И Сырков почувствовал, как его собеседник на другом конце провода вдруг осекся и притаился.

— Нет. Просто меня после свинины изжога мучает! — отрезал Сырков и повесил трубку.

После этого вскочил из-за стола, подошел к окну и, глядя на телефонный аппарат, произнес только одно слово: «Мудозвон!»

Затем вернулся назад и, нажав кнопку вызова помощника, коротко скомандовал:

— Через полчаса соедини меня с Жучковым!

— С которым? — задал уточняющий вопрос помощник.

— С этим, с Александром! Из Государственной Думы!
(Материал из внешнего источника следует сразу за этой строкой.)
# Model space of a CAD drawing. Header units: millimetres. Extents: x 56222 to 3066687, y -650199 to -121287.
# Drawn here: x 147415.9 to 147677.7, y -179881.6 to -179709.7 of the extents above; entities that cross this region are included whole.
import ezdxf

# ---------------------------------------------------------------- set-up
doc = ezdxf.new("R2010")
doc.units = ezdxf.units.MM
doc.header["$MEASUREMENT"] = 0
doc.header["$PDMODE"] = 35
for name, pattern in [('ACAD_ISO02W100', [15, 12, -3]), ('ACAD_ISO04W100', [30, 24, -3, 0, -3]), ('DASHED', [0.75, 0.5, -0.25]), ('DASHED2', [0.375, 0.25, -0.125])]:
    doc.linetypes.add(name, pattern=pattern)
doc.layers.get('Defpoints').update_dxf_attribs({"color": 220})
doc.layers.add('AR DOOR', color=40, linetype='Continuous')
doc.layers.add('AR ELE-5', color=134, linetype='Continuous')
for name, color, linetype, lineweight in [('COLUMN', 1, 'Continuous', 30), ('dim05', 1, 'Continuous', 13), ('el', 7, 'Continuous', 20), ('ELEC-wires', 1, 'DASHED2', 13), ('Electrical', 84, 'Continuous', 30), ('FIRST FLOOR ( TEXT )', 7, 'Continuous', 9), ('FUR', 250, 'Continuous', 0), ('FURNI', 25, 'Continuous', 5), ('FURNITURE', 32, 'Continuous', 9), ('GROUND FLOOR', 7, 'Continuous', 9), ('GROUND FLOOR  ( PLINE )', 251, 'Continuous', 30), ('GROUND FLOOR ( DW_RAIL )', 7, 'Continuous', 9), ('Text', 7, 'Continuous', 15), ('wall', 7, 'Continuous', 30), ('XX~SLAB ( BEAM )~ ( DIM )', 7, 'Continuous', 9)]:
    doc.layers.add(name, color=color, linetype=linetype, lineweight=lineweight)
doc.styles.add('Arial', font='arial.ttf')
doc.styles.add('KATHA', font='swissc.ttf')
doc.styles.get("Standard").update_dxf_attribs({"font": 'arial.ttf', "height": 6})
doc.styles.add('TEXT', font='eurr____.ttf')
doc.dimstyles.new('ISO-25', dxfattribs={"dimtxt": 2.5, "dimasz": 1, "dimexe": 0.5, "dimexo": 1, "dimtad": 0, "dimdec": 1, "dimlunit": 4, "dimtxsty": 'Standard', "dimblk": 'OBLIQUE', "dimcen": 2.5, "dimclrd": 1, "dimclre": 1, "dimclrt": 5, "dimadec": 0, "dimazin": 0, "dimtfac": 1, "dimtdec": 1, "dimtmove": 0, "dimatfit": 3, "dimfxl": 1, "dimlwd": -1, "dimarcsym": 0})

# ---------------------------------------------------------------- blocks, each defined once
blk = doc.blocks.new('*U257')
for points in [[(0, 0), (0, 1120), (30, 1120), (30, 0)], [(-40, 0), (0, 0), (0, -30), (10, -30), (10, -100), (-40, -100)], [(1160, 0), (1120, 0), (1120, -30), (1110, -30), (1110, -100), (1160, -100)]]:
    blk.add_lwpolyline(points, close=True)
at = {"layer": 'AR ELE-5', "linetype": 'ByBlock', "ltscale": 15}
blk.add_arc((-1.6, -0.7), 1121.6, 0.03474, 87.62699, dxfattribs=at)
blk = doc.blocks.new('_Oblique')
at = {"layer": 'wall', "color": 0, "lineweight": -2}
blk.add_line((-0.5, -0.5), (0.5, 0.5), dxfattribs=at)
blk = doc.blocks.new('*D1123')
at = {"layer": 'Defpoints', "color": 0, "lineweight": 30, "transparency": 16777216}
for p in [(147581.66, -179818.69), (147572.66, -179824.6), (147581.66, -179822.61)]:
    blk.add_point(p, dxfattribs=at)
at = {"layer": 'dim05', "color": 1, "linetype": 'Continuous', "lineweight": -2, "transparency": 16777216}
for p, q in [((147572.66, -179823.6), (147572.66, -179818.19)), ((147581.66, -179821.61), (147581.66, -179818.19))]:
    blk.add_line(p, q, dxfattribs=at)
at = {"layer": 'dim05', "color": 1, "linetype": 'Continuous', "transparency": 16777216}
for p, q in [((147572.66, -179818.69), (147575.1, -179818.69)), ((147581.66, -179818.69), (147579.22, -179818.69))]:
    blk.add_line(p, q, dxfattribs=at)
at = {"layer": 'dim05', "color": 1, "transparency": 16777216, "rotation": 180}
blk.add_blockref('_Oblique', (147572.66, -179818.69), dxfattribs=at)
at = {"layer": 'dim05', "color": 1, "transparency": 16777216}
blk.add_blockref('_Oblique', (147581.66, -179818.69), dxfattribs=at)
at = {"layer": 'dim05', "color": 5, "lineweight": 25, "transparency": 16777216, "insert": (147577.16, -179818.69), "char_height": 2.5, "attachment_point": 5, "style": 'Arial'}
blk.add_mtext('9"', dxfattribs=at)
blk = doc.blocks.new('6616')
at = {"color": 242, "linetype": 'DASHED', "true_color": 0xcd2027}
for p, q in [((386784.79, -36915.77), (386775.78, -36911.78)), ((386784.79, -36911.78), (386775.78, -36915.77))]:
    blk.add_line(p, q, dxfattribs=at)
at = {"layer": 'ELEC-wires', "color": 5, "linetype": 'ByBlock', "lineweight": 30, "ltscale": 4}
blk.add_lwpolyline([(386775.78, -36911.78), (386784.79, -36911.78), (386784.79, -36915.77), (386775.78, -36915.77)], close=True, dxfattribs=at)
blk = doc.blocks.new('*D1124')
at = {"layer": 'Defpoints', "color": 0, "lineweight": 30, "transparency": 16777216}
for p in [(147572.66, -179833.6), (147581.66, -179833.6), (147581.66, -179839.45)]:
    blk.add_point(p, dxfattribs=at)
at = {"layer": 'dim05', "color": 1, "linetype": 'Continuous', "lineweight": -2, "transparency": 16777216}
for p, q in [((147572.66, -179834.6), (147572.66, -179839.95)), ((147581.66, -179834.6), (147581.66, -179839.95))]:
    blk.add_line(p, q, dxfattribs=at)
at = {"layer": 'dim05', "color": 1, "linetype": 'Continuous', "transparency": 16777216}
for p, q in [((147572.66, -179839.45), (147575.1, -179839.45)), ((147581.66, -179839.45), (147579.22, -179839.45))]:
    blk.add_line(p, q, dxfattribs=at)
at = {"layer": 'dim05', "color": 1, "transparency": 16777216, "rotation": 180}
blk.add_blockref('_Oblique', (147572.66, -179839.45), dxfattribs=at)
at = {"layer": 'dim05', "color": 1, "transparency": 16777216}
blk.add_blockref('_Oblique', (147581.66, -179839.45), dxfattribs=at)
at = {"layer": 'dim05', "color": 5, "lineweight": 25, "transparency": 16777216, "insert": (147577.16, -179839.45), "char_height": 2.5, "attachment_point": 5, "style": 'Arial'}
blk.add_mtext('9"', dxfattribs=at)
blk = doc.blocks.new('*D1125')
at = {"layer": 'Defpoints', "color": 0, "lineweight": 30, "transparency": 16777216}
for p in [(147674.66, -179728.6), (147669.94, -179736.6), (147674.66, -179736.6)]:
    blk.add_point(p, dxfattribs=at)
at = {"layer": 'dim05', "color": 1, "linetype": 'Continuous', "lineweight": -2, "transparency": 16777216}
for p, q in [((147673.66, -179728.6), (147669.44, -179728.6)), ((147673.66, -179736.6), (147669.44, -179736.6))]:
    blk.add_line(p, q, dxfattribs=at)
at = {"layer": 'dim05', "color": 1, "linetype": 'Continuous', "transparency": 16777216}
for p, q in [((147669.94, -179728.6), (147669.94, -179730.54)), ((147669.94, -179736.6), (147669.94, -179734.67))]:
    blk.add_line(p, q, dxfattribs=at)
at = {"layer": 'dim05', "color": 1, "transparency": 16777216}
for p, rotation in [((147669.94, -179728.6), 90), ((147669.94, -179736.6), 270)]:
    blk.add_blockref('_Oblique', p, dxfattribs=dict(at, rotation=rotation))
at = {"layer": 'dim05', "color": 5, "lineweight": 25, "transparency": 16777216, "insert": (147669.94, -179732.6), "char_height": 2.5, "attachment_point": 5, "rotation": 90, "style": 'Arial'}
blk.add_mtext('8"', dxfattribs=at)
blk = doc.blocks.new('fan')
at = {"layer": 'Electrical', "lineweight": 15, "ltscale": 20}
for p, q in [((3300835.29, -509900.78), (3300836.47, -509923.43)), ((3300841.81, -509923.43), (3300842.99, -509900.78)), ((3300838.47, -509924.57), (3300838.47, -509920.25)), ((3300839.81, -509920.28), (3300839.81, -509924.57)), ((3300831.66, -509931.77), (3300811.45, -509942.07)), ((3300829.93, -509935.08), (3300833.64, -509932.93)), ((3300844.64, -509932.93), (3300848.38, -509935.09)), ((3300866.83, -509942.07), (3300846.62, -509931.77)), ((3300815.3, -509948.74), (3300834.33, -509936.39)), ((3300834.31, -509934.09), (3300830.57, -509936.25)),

Из всего услышанного Сурка напрягло только одно. Это было доселе неизвестное ему слово «мудозвон». Он долго перебирал в своем маленьком мозговом компьютере все возможные варианты. Но ничего подходящего найти не смог. Даже в словаре общедоступных нецензурных выражений. Тогда он решил, что это какое-то очень древнее и потому неизвестное ему выражение высшей степени своего восхищения. И на сем успокоился…

25

Впервые за многие годы Виктор Петрович встречал первое сентября далеко за пределами России. По давно заведенной традиции, еще с тех времен, когда он первый раз переступил порог школы в качестве учителя, в этот день он обязательно приходил на встречу со своими коллегами. И, конечно же, — с учениками. Даже перестав работать в школе, каждое первое сентября он наглаживал рубашку, повязывал галстук и направлялся в школу к одному из своих старых товарищей, с которым они вместе когда-то начинали свою педагогическую карьеру.

В этот день с ним всегда происходило какое-то перерождение и обновление. Он как будто сбрасывал с себя груз навалившегося возраста и тяжесть набежавших жизненных проблем. Глядя на радостно толпящуюся у школьных дверей ребятню, Виктор Петрович переставал быть профессором. И опять становился простым учителем истории, волнительно ожидающим своего первого урока.

Однажды переживший подобное, сохраняет в себе это навсегда. Потому что есть в этом завораживающем дне первого сентября что-то мистическое и непостижимое…

…Как обычно, проснувшись чуть свет, Виктор Петрович взглянул на часы и ужаснулся. На циферблате было шесть утра, а в окошечке для даты торчала цифра один. И только теперь он понял, что в Москве уже два часа дня первого сентября. Он проспал не только первый, но и последний урок.

Тихонько, чтобы не разбудить семью Дэвида, он пробрался в гостиную и включил телевизор.

Сначала ему показалось, что уже с утра пораньше американцы решили прокрутить какой-то боевик. На экране бегали вооруженные люди. То и дело показывали совершенно опешивших мужчин и рыдающих женщин.

Откуда-то сбоку появилась фигура армейского генерала.

И вдруг Виктор Петрович понял, что генерал — в российской военной форме. А прибавив звук, он отчетливо услышал русскую речь.